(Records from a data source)
-----
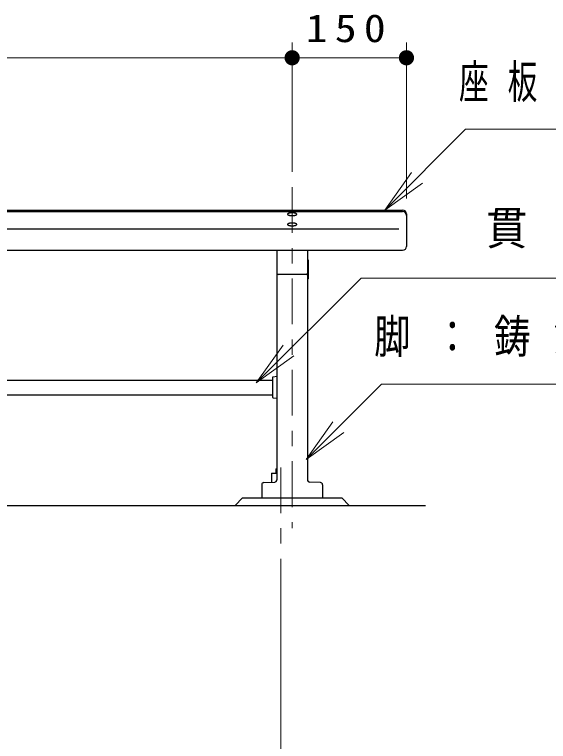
# Model space of a CAD drawing. Units: millimetres on the paper, scale 1:20. Extents: x -365 to 10, y -38 to 257.
# Drawn here: x -254.43 to -219.4, y 101.1 to 148.84 of the extents above; entities that cross this region are included whole.
import ezdxf

# ---------------------------------------------------------------- set-up
doc = ezdxf.new("R2010")
doc.units = ezdxf.units.MM
doc.linetypes.add('USER2', pattern=[6, 3, -1, 1, -1])
doc.layers.add('LY_1', color=7, linetype='Continuous', lineweight=25)
doc.styles.add('ＭＳ ゴシック', font='')
doc.styles.get('ＭＳ ゴシック').set_extended_font_data('MS Gothic')

# ---------------------------------------------------------------- blocks, each defined once
blk = doc.blocks.new('filled_dot')
at = {"color": 0, "linetype": 'Continuous', "lineweight": -2, "const_width": 1.25}
blk.add_lwpolyline([(-0.625, 0, 1), (0.625, 0, 1)], format="xyb", close=True, dxfattribs=at)

msp = doc.modelspace()

# ---------------------------------------------------------------- linework, layer by layer
at = {"layer": 'LY_1', "lineweight": 13}
for p, q in [((-236.217, 138.5), (-236.217, 147)), ((-228.717, 136.75), (-228.717, 147)), ((-281.217, 146), (-236.217, 146)), ((-236.217, 146), (-228.717, 146)), ((-230.143, 136), (-228.375, 138.475)), ((-230.143, 136), (-228.021, 138.121)), ((-227.668, 137.768), (-230.143, 136)), ((-238.572, 124.651), (-236.804, 127.126)), ((-238.572, 124.651), (-236.451, 126.772)), ((-236.097, 126.419), (-238.572, 124.651)), ((-235.306, 119.627), (-233.539, 122.101)), ((-235.306, 119.627), (-233.185, 121.748)), ((-232.831, 121.394), (-235.306, 119.627)), ((-236.967, 113.103), (-236.967, 90.603))]:
    msp.add_line(p, q, dxfattribs=at)
at = {"layer": 'LY_1', "linetype": 'USER2', "lineweight": 13}
for p, q in [((-236.217, 137.5), (-236.217, 115.103)), ((-236.967, 119.103), (-236.967, 114.103))]:
    msp.add_line(p, q, dxfattribs=at)
at = {"layer": 'LY_1', "color": 4}
for p, q in [((-288.467, 136), (-228.967, 136)), ((-288.467, 135.899), (-228.967, 135.899)), ((-228.717, 135.75), (-228.717, 133.615)), ((-288.467, 133.365), (-228.967, 133.365)), ((-237.217, 133.365), (-237.217, 118.287)), ((-235.217, 133.365), (-235.217, 118.287)), ((-235.167, 132.728), (-235.217, 132.753)), ((-235.167, 132.728), (-235.167, 131.478)), ((-235.292, 131.778), (-237.142, 131.778)), ((-235.167, 131.478), (-235.217, 131.453)), ((-279.917, 124.831), (-237.517, 124.831)), ((-237.517, 124.983), (-237.517, 123.723)), ((-237.217, 125.06), (-237.473, 125.033)), ((-279.917, 123.876), (-237.517, 123.876)), ((-237.473, 123.673), (-237.217, 123.647)), ((-238.217, 117.959), (-238.217, 117.103)), ((-238.073, 118.109), (-237.361, 118.137)), ((-234.361, 118.109), (-235.073, 118.137)), ((-234.217, 117.959), (-234.217, 117.103)), ((-239.467, 117.103), (-239.967, 116.603)), ((-239.467, 117.103), (-232.967, 117.103)), ((-232.967, 117.103), (-232.467, 116.603)), ((-277.467, 116.603), (-227.467, 116.603))]:
    msp.add_line(p, q, dxfattribs=at)
at = {"layer": 'LY_1'}
for p, q in [((-288.217, 134.759), (-229.217, 134.759)), ((-237.285, 119.002), (-237.285, 118.718)), ((-237.285, 119.002), (-237.217, 119.002)), ((-237.572, 118.718), (-237.572, 118.103)), ((-237.572, 118.718), (-237.217, 118.718))]:
    msp.add_line(p, q, dxfattribs=at)
at = {"layer": 'LY_1', "lineweight": 13}
for points in [[(-230.143, 136), (-224.839, 141.303), (-185.819, 141.303)], [(-238.572, 124.651), (-231.699, 131.524), (-192.663, 131.524)], [(-235.306, 119.627), (-230.357, 124.576), (-197.309, 124.576)]]:
    msp.add_lwpolyline(points, dxfattribs=at)
at = {"layer": 'LY_1', "color": 4}
for points in [[(-235.917, 135.727), (-235.919, 135.735), (-235.922, 135.743), (-235.928, 135.75), (-235.935, 135.758), (-235.945, 135.765), (-235.958, 135.772), (-235.972, 135.778), (-235.988, 135.784), (-236.005, 135.79), (-236.025, 135.795), (-236.045, 135.8), (-236.067, 135.804), (-236.091, 135.808), (-236.115, 135.811), (-236.14, 135.813), (-236.165, 135.815), (-236.191, 135.816), (-236.217, 135.816), (-236.244, 135.816), (-236.269, 135.815), (-236.295, 135.813), (-236.32, 135.811), (-236.344, 135.808), (-236.367, 135.804), (-236.389, 135.8), (-236.41, 135.795), (-236.429, 135.79), (-236.447, 135.784), (-236.463, 135.778), (-236.477, 135.772), (-236.489, 135.765), (-236.499, 135.758), (-236.507, 135.75), (-236.513, 135.743), (-236.516, 135.735), (-236.517, 135.727), (-236.516, 135.719), (-236.513, 135.712), (-236.507, 135.704), (-236.499, 135.696), (-236.489, 135.689), (-236.477, 135.682), (-236.463, 135.676), (-236.447, 135.67), (-236.429, 135.664), (-236.41, 135.659), (-236.389, 135.654), (-236.367, 135.65), (-236.344, 135.646), (-236.32, 135.643), (-236.295, 135.641), (-236.269, 135.639), (-236.244, 135.638), (-236.217, 135.638), (-236.191, 135.638), (-236.165, 135.639), (-236.14, 135.641), (-236.115, 135.643), (-236.091, 135.646), (-236.067, 135.65), (-236.045, 135.654), (-236.025, 135.659), (-236.005, 135.664), (-235.988, 135.67), (-235.972, 135.676), (-235.958, 135.682), (-235.945, 135.689), (-235.935, 135.696), (-235.928, 135.704), (-235.922, 135.712), (-235.919, 135.719)], [(-235.917, 135.057), (-235.919, 135.065), (-235.922, 135.072), (-235.928, 135.08), (-235.935, 135.088), (-235.945, 135.095), (-235.958, 135.102), (-235.972, 135.108), (-235.988, 135.114), (-236.005, 135.12), (-236.025, 135.125), (-236.045, 135.13), (-236.067, 135.134), (-236.091, 135.138), (-236.115, 135.141), (-236.14, 135.143), (-236.165, 135.145), (-236.191, 135.146), (-236.217, 135.146), (-236.244, 135.146), (-236.269, 135.145), (-236.295, 135.143), (-236.32, 135.141), (-236.344, 135.138), (-236.367, 135.134), (-236.389, 135.13), (-236.41, 135.125), (-236.429, 135.12), (-236.447, 135.114), (-236.463, 135.108), (-236.477, 135.102), (-236.489, 135.095), (-236.499, 135.088), (-236.507, 135.08), (-236.513, 135.072), (-236.516, 135.065), (-236.517, 135.057), (-236.516, 135.049), (-236.513, 135.041), (-236.507, 135.034), (-236.499, 135.026), (-236.489, 135.019), (-236.477, 135.012), (-236.463, 135.006), (-236.447, 135), (-236.429, 134.994), (-236.41, 134.989), (-236.389, 134.984), (-236.367, 134.98), (-236.344, 134.976), (-236.32, 134.973), (-236.295, 134.971), (-236.269, 134.969), (-236.244, 134.968), (-236.217, 134.968), (-236.191, 134.968), (-236.165, 134.969), (-236.14, 134.971), (-236.115, 134.973), (-236.091, 134.976), (-236.067, 134.98), (-236.045, 134.984), (-236.025, 134.989), (-236.005, 134.994), (-235.988, 135), (-235.972, 135.006), (-235.958, 135.012), (-235.945, 135.019), (-235.935, 135.026), (-235.928, 135.034), (-235.922, 135.041), (-235.919, 135.049)]]:
    msp.add_lwpolyline(points, close=True, dxfattribs=at)
for centre, radius, start, end in [((-228.967, 135.75), 0.25, 0, 90), ((-228.967, 135.649), 0.25, 0, 90), ((-228.967, 133.615), 0.25, 270, 0), ((-237.142, 131.853), 0.075, 180, 270), ((-235.292, 131.853), 0.075, 270, 0), ((-237.467, 124.983), 0.05, 96.0084, 180), ((-237.467, 123.723), 0.05, 180, 263.9915), ((-238.067, 117.959), 0.15, 92.29, 180), ((-237.367, 118.287), 0.15, 272.29, 0), ((-235.067, 118.287), 0.15, 180, 267.71), ((-234.367, 117.959), 0.15, 0, 87.7099)]:
    msp.add_arc(centre, radius, start, end, dxfattribs=at)

# ---------------------------------------------------------------- block references
at = {"layer": 'LY_1', "lineweight": 13, "xscale": 0.4, "yscale": 0.4}
msp.add_blockref('filled_dot', (-236.217, 146), dxfattribs=at)
at = {"layer": 'LY_1', "lineweight": 13, "xscale": 0.4, "yscale": 0.4, "rotation": 180}
for p in [(-236.217, 146), (-228.717, 146)]:
    msp.add_blockref('filled_dot', p, dxfattribs=at)

# ---------------------------------------------------------------- texts
at = {"layer": 'LY_1', "style": 'ＭＳ ゴシック'}
for s, insert, char_height, attachment_point in [('\\T1.33;\\W1.15;150', (-232.467, 147), 1.833, 8), ('\\T1.64;\\W0.65;座板：合成木材\u3000８５Ｘ３０', (-225.269, 144.303), 2.199, 4), ('\\T1.63;\\W0.9;\u3000\u3000貫：φ１９．１Ｘ１．６', (-232.287, 134.524), 2.199, 4), ('\\T1.64;\\W0.8;脚：鋳鉄\u3000ＦＣ\u3000２００', (-230.838, 127.576), 2.199, 4)]:
    msp.add_mtext(s, dxfattribs=dict(at, insert=insert, char_height=char_height, attachment_point=attachment_point))

doc.saveas('drawing.dxf')
-----
## Work required
Reply with the number of lines above in which the word "True" appears, and with nothing else.

## Response box
2